BEGIN Input for this task

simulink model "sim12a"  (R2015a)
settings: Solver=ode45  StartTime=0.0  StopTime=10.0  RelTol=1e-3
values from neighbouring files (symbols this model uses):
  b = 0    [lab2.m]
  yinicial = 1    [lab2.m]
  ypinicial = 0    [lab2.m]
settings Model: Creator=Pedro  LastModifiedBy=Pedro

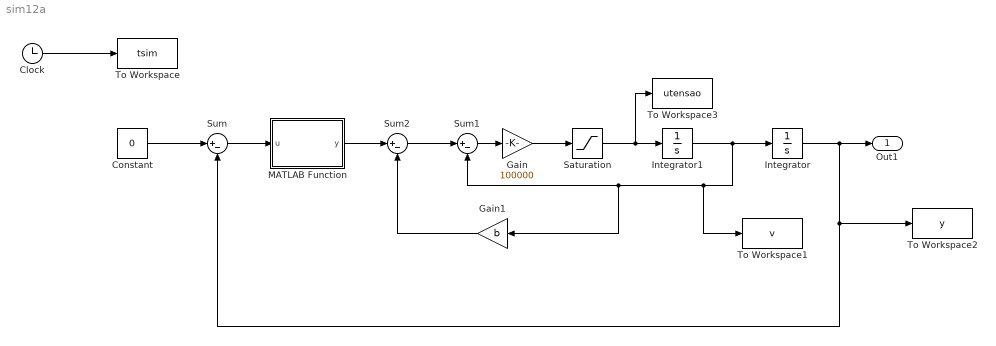
== system sim12a ==
  Clock : Clock
  Constant : Constant  Value=0
  Gain : Gain  Gain=100000
  Gain1 : Gain  Gain=b
  Integrator : Integrator  InitialCondition=yinicial
  Integrator1 : Integrator  InitialCondition=ypinicial
  MATLAB Function : MATLAB Function  TreatAsAtomicUnit=on
  Saturation : Saturate  UpperLimit=1  LowerLimit=-1
  Sum : Sum  Inputs=|+-
  Sum1 : Sum  Inputs=|+-
  Sum2 : Sum  Inputs=|+-
  To Workspace : ToWorkspace  VariableName=tsim  SampleTime=-1
  To Workspace1 : ToWorkspace  VariableName=v  SampleTime=-1
  To Workspace2 : ToWorkspace  VariableName=y  SampleTime=-1
  To Workspace3 : ToWorkspace  VariableName=utensao  SampleTime=-1
  Out1 : Outport
  wires:
  Sum1/1 -> Gain/1
  Gain/1 -> Saturation/1
  Saturation/1 -> To Workspace3/1, Integrator1/1
  Integrator1/1 -> To Workspace1/1, Gain1/1, Sum1/2, Integrator/1
  Constant/1 -> Sum/1
  Integrator/1 -> To Workspace2/1, Sum/2, Out1/1
  Clock/1 -> To Workspace/1
  Sum/1 -> MATLAB Function/1(u)
  Sum2/1 -> Sum1/1
  MATLAB Function/1(y) -> Sum2/1
  Gain1/1 -> Sum2/2

== matlab function sim12a/MATLAB Function ==
  data: u input; y output
function y = fcn(u)
%#codegen

y = sign(u)*sqrt(2*abs(u));

END Input for this task

▸ **Your assignment**:
Looking at the data above, state how many of its lines contain the word "MATLAB", and give nothing but that number.

▸ **Response**:
4